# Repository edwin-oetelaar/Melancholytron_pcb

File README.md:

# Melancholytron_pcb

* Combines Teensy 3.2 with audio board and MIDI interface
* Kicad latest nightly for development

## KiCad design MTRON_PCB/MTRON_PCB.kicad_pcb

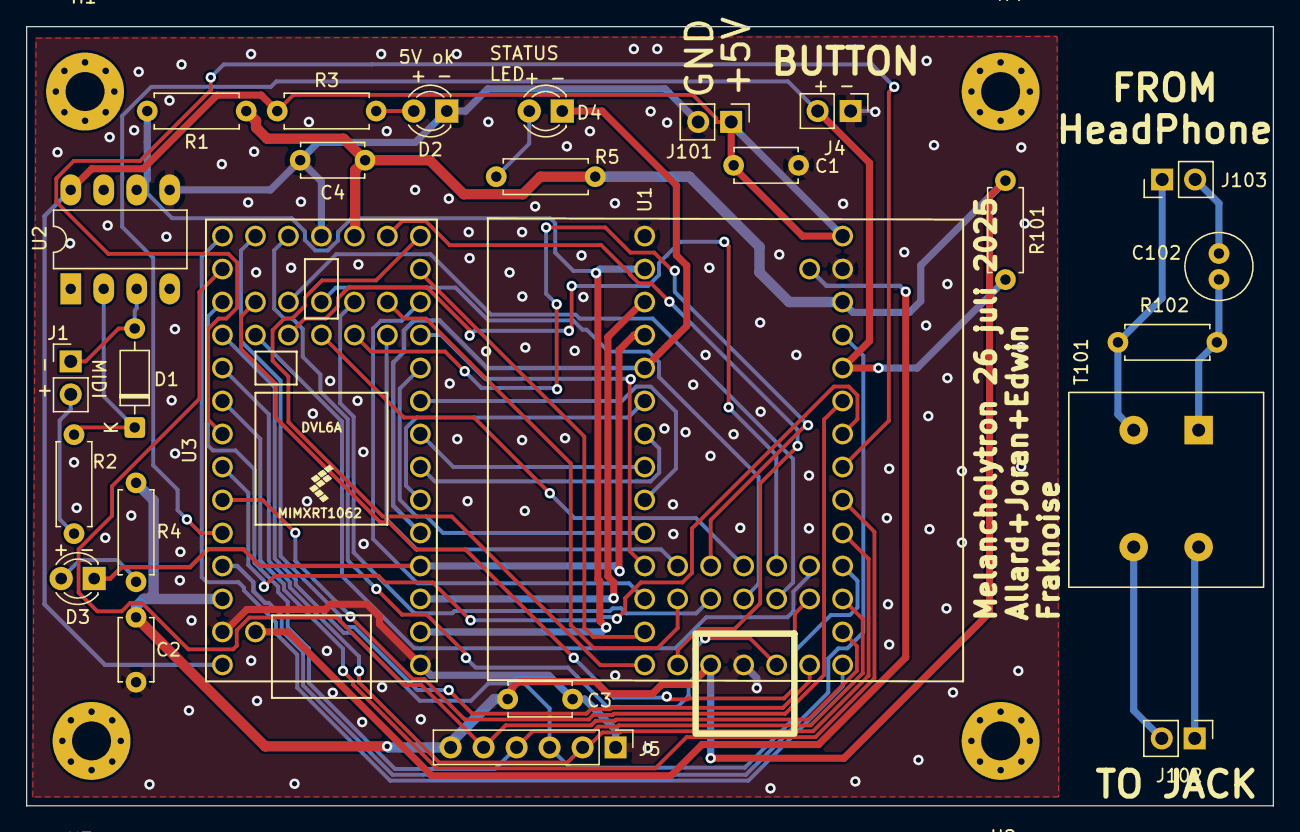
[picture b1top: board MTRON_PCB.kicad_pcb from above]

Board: 2 copper layers, 96.0 x 60.0 mm, 30 parts (0 on the bottom side), 52 nets.

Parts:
C1, C2, C3, C4: 100n; C_Disc_D4.7mm_W2.5mm_P5.00mm
C102: C_Small; C_Radial_D5.0mm_H11.0mm_P2.00mm
D1: 1N4148; D_DO-35_SOD27_P7.62mm_Horizontal
D2, D3, D4: LED; LED_D3.0mm
H1, H2, H3, H4: MountingHole_Pad; MountingHole_3mm_Pad_Via
J1, J4, J101, J102, J103: Conn_01x02; PinHeader_1x02_P2.54mm_Vertical
J5: Conn_01x06; PinHeader_1x06_P2.54mm_Vertical
R1, R3, R4, R5, R101: 470R; R_Axial_DIN0207_L6.3mm_D2.5mm_P7.62mm_Horizontal
R2: 220R; R_Axial_DIN0207_L6.3mm_D2.5mm_P7.62mm_Horizontal
R102: 10K; R_Axial_DIN0207_L6.3mm_D2.5mm_P7.62mm_Horizontal
T101: EL-11 (tinytronics); Transformer_EL-11-tinytronics
U1: Teensy4.0; Teensy40_audio_shield
U2: 6N138; DIP-8_W7.62mm_LongPads
U3: Teensy4.0; Teensy40

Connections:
GROUND: C1.2, C2.2, C3.2, C4.2, D2.1 (K), J4.1, J5.1, J101.2, U1.1 (GND), U1.17 (GND), U1.32 (GND), U2.5 (GND), U3.1 (GND), U3.17 (GND), U3.32 (GND)
LD1: D3.1 (K), U1.4 (2_OUT2), U3.4 (2_OUT2)
LD2: D4.1 (K), U1.5 (3_LRCLK2), U3.5 (3_LRCLK2)
unnamed: C102.2, R102.1, T101.1
unnamed: D1.2 (A), J1.1, U2.3 (C2)
unnamed: D1.1 (K), R2.2, U2.2 (C1)
unnamed: D2.2 (A), R3.2
unnamed: D3.2 (A), R4.2
unnamed: D4.2 (A), R5.2
unnamed: J1.2, R2.1
unnamed: J102.1, T101.4
unnamed: J102.2, T101.3
unnamed: J103.1, R102.2, T101.2
unnamed: C102.1, J103.2
P2: R1.2, U1.2 (0_RX1_CRX2_CS1), U2.6 (VO2), U3.2 (0_RX1_CRX2_CS1)
P3: U1.3 (1_TX1_CTX2_MISO1), U3.3 (1_TX1_CTX2_MISO1)
P6: U1.6 (4_BCLK2), U3.6 (4_BCLK2)
P7: U1.7 (5_IN2), U3.7 (5_IN2)
P8: U1.8 (6_OUT1D), U3.8 (6_OUT1D)
P9: U1.9 (7_RX2_OUT1A), U3.9 (7_RX2_OUT1A)
P10: U1.10 (8_TX2_IN1), U3.10 (8_TX2_IN1)
P11: U1.11 (9_OUT1C), U3.11 (9_OUT1C)
P12: U1.12 (10_CS_MQSR), U3.12 (10_CS_MQSR)
P13: U1.13 (11_MOSI_CTX1), U3.13 (11_MOSI_CTX1)
P14: U1.14 (12_MISO_MQSL), U3.14 (12_MISO_MQSL)
P15: U1.15 (VBAT), U3.15 (VBAT)
P16: C2.1, C3.1, C4.1, J5.6, R1.1, R4.1, R5.1, R101.2, U1.16 (3V3), U1.31 (3V3), U3.16 (3V3), U3.31 (3V3)
P18: U1.18 (PROGRAM), U3.18 (PROGRAM)
P19: U1.19 (ON_OFF), U3.19 (ON_OFF)
P20: U1.20 (13_SCK_CRX1_LED), U3.20 (13_SCK_CRX1_LED)
P21: J5.5, U1.21 (14_A0_TX3_SPDIF_OUT), U3.21 (14_A0_TX3_SPDIF_OUT)
P22: J5.4, U1.22 (15_A1_RX3_SPDIF_IN), U3.22 (15_A1_RX3_SPDIF_IN)
P23: J5.3, U1.23 (16_A2_RX4_SCL1), U3.23 (16_A2_RX4_SCL1)
P24: J5.2, U1.24 (17_A3_TX4_SDA1), U3.24 (17_A3_TX4_SDA1)
P25: U1.25 (18_A4_SDA0), U3.25 (18_A4_SDA0)
P26: U1.26 (19_A5_SCL0), U3.26 (19_A5_SCL0)
P27: U1.27 (20_A6_TX5_LRCLK1), U3.27 (20_A6_TX5_LRCLK1)
P28: U1.28 (21_A7_RX5_BCLK1), U3.28 (21_A7_RX5_BCLK1)
P29: J4.2, R101.1, U1.29 (22_A8_CTX1), U3.29 (22_A8_CTX1)
P30: U1.30 (23_A9_CRX1_MCLK1), U3.30 (23_A9_CRX1_MCLK1)
P33: C1.1, J101.1, R3.1, U1.33 (VIN), U2.8 (VCC), U3.33 (VIN)
P34: U1.34 (VUSB), U3.34 (VUSB)
P35: U1.35 (24_A10_TX6_SCL2), U3.35 (24_A10_TX6_SCL2)
P36: U1.36 (25_A11_RX6_SDA2), U3.36 (25_A11_RX6_SDA2)
P37: U1.37 (26_A12_MOSI1), U3.37 (26_A12_MOSI1)
P38: U1.38 (27_A13_SCK1), U3.38 (27_A13_SCK1)
P39: U1.39 (28_RX7), U3.39 (28_RX7)
P40: U1.40 (29_TX7), U3.40 (29_TX7)
P41: U1.41 (30_CRX3), U3.41 (30_CRX3)
P42: U1.42 (31_CTX3), U3.42 (31_CTX3)
P43: U1.43 (32_OUT1B), U3.43 (32_OUT1B)
P44: U1.44 (33_MCLK2), U3.44 (33_MCLK2)

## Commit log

2022-06-06 initial file
2022-06-12 Added circuit board design. Ordered PCB. Files up to date with ordered pcb.
2025-04-08 nieuwe versie, veel verwijdered, in productie 8 april 2025
2025-04-08 update design files, new version has less parts
2025-05-31 nieuwe versie met alles THT en pull up voor switch. connector voor power. flip van linker device orientatie
2025-07-26 new version, includes fix for 3v3, audio transformer, logo, based on new findings.
2025-08-17 Create RPI-pico2-midicontroller.md
    eerste concept

--------------------------------

Respond with the count of lines in the material above that contain the word "version", and add nothing to it.

EXERCISE RESPONSE
2